**Task objective**
Please restate the data that follows word for word, with the pictures left out.

━━━━━━━━━━━━━━━━━━━━

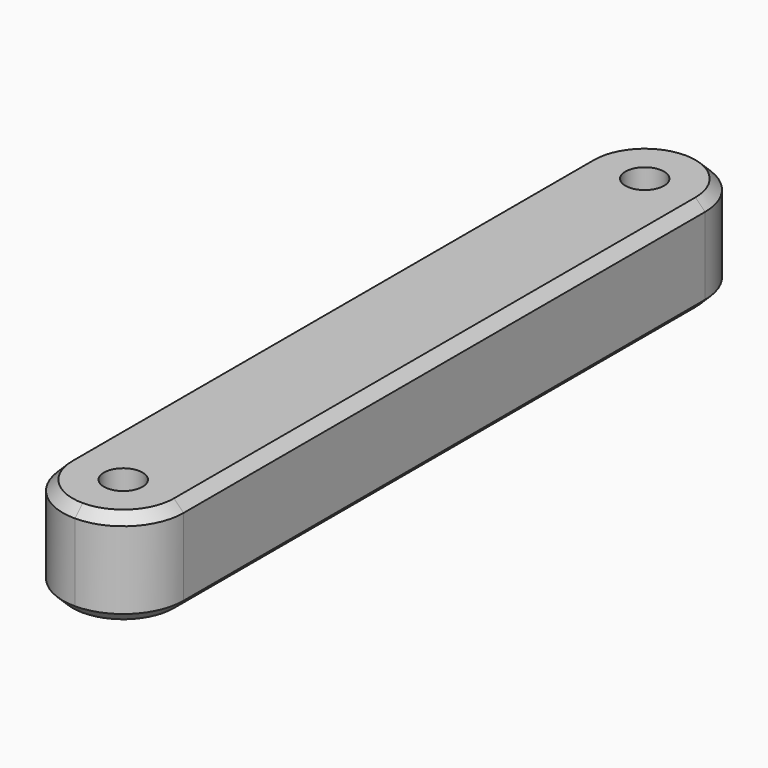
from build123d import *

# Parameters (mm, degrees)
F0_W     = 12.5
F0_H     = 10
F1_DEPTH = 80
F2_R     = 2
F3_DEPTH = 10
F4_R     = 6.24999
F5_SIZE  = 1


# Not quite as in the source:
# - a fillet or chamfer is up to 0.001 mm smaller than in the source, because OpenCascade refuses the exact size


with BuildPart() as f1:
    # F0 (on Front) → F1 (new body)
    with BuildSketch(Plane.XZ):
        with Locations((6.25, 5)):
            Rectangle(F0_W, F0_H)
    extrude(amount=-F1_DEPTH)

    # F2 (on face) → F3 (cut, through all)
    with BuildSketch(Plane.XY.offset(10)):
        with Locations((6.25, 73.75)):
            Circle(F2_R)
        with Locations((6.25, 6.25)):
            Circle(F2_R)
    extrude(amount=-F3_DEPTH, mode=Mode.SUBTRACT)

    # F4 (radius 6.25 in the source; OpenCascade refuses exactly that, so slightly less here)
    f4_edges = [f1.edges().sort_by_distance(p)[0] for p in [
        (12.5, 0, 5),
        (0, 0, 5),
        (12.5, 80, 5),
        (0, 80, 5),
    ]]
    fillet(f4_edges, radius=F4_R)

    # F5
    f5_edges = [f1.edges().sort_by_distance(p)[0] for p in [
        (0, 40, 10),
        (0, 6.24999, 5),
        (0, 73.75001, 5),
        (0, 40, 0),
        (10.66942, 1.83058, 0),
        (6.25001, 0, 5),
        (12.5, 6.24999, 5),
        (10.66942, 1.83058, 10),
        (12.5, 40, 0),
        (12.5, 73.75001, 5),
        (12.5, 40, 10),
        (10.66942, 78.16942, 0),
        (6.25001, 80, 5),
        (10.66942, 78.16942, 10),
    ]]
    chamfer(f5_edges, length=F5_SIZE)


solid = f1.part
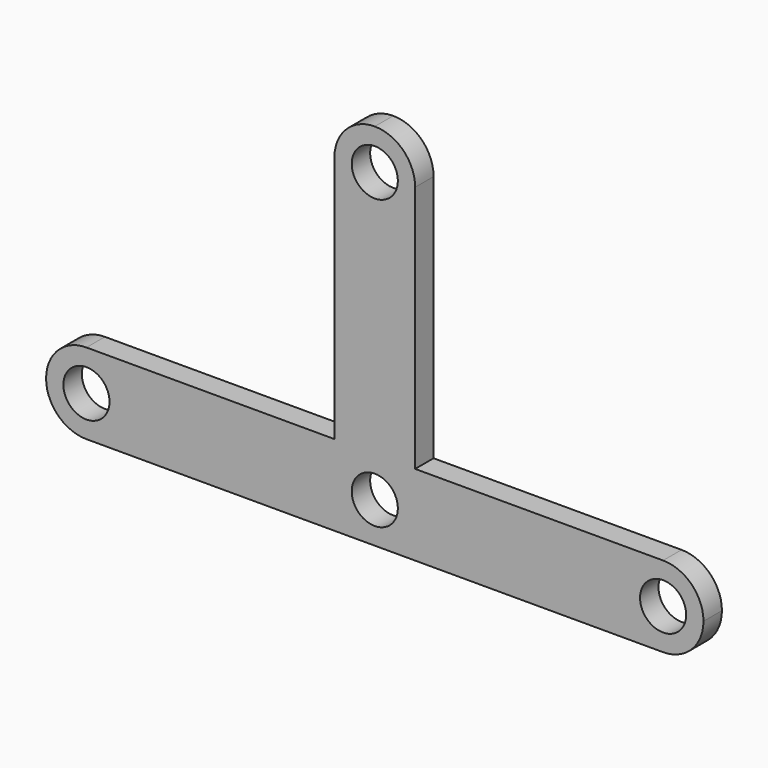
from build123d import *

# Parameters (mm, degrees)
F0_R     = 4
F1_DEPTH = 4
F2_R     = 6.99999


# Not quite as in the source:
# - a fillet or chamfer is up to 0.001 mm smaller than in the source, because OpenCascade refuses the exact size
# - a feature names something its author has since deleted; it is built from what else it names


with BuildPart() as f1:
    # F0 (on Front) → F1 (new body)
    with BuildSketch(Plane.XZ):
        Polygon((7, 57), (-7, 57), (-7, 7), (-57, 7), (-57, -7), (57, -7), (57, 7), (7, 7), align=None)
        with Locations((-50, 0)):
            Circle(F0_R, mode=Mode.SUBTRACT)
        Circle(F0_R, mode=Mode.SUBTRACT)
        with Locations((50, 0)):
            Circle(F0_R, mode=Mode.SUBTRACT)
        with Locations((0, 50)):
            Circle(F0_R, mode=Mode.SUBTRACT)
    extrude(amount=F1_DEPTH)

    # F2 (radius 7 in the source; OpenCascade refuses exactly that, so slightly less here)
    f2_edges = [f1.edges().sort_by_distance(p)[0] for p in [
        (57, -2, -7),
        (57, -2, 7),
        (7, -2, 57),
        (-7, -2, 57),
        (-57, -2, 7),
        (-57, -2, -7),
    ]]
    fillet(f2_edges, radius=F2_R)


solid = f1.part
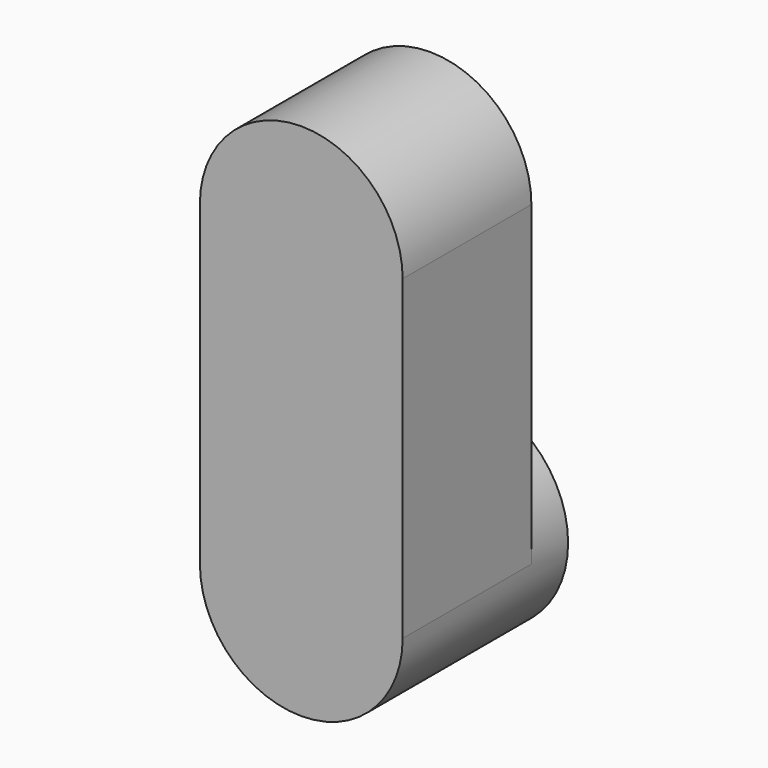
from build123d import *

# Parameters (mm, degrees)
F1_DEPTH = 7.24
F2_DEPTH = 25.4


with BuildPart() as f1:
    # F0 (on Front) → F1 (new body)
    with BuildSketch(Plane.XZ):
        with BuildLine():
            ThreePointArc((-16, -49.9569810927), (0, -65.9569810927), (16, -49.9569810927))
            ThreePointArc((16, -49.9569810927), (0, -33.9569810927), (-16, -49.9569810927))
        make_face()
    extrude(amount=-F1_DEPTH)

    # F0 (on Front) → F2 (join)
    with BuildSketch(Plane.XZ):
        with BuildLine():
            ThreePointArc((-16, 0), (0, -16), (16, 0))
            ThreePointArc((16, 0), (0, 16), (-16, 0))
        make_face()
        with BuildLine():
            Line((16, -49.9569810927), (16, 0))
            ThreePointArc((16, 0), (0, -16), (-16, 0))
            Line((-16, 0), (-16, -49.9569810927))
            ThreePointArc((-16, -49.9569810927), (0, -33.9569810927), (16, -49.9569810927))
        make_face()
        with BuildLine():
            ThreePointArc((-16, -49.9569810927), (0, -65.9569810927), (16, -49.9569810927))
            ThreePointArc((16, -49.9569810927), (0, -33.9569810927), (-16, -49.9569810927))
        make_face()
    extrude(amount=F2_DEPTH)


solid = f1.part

━━━━━━━━━━━━━━━━━━━━

**Solution for this task**
from build123d import *

# Parameters (mm, degrees)
F0_W     = 12.5
F0_H     = 10
F1_DEPTH = 80
F2_R     = 2
F3_DEPTH = 10
F4_R     = 6.24999
F5_SIZE  = 1


# Not quite as in the source:
# - a fillet or chamfer is up to 0.001 mm smaller than in the source, because OpenCascade refuses the exact size


with BuildPart() as f1:
    # F0 (on Front) → F1 (new body)
    with BuildSketch(Plane.XZ):
        with Locations((6.25, 5)):
            Rectangle(F0_W, F0_H)
    extrude(amount=-F1_DEPTH)

    # F2 (on face) → F3 (cut, through all)
    with BuildSketch(Plane.XY.offset(10)):
        with Locations((6.25, 73.75)):
            Circle(F2_R)
        with Locations((6.25, 6.25)):
            Circle(F2_R)
    extrude(amount=-F3_DEPTH, mode=Mode.SUBTRACT)

    # F4 (radius 6.25 in the source; OpenCascade refuses exactly that, so slightly less here)
    f4_edges = [f1.edges().sort_by_distance(p)[0] for p in [
        (12.5, 0, 5),
        (0, 0, 5),
        (12.5, 80, 5),
        (0, 80, 5),
    ]]
    fillet(f4_edges, radius=F4_R)

    # F5
    f5_edges = [f1.edges().sort_by_distance(p)[0] for p in [
        (0, 40, 10),
        (0, 6.24999, 5),
        (0, 73.75001, 5),
        (0, 40, 0),
        (10.66942, 1.83058, 0),
        (6.25001, 0, 5),
        (12.5, 6.24999, 5),
        (10.66942, 1.83058, 10),
        (12.5, 40, 0),
        (12.5, 73.75001, 5),
        (12.5, 40, 10),
        (10.66942, 78.16942, 0),
        (6.25001, 80, 5),
        (10.66942, 78.16942, 10),
    ]]
    chamfer(f5_edges, length=F5_SIZE)


solid = f1.part
from build123d import *

# Parameters (mm, degrees)
F0_R     = 4
F1_DEPTH = 4
F2_R     = 6.99999


# Not quite as in the source:
# - a fillet or chamfer is up to 0.001 mm smaller than in the source, because OpenCascade refuses the exact size
# - a feature names something its author has since deleted; it is built from what else it names


with BuildPart() as f1:
    # F0 (on Front) → F1 (new body)
    with BuildSketch(Plane.XZ):
        Polygon((7, 57), (-7, 57), (-7, 7), (-57, 7), (-57, -7), (57, -7), (57, 7), (7, 7), align=None)
        with Locations((-50, 0)):
            Circle(F0_R, mode=Mode.SUBTRACT)
        Circle(F0_R, mode=Mode.SUBTRACT)
        with Locations((50, 0)):
            Circle(F0_R, mode=Mode.SUBTRACT)
        with Locations((0, 50)):
            Circle(F0_R, mode=Mode.SUBTRACT)
    extrude(amount=F1_DEPTH)

    # F2 (radius 7 in the source; OpenCascade refuses exactly that, so slightly less here)
    f2_edges = [f1.edges().sort_by_distance(p)[0] for p in [
        (57, -2, -7),
        (57, -2, 7),
        (7, -2, 57),
        (-7, -2, 57),
        (-57, -2, 7),
        (-57, -2, -7),
    ]]
    fillet(f2_edges, radius=F2_R)


solid = f1.part
from build123d import *

# Parameters (mm, degrees)
F1_DEPTH = 7.24
F2_DEPTH = 25.4


with BuildPart() as f1:
    # F0 (on Front) → F1 (new body)
    with BuildSketch(Plane.XZ):
        with BuildLine():
            ThreePointArc((-16, -49.9569810927), (0, -65.9569810927), (16, -49.9569810927))
            ThreePointArc((16, -49.9569810927), (0, -33.9569810927), (-16, -49.9569810927))
        make_face()
    extrude(amount=-F1_DEPTH)

    # F0 (on Front) → F2 (join)
    with BuildSketch(Plane.XZ):
        with BuildLine():
            ThreePointArc((-16, 0), (0, -16), (16, 0))
            ThreePointArc((16, 0), (0, 16), (-16, 0))
        make_face()
        with BuildLine():
            Line((16, -49.9569810927), (16, 0))
            ThreePointArc((16, 0), (0, -16), (-16, 0))
            Line((-16, 0), (-16, -49.9569810927))
            ThreePointArc((-16, -49.9569810927), (0, -33.9569810927), (16, -49.9569810927))
        make_face()
        with BuildLine():
            ThreePointArc((-16, -49.9569810927), (0, -65.9569810927), (16, -49.9569810927))
            ThreePointArc((16, -49.9569810927), (0, -33.9569810927), (-16, -49.9569810927))
        make_face()
    extrude(amount=F2_DEPTH)


solid = f1.part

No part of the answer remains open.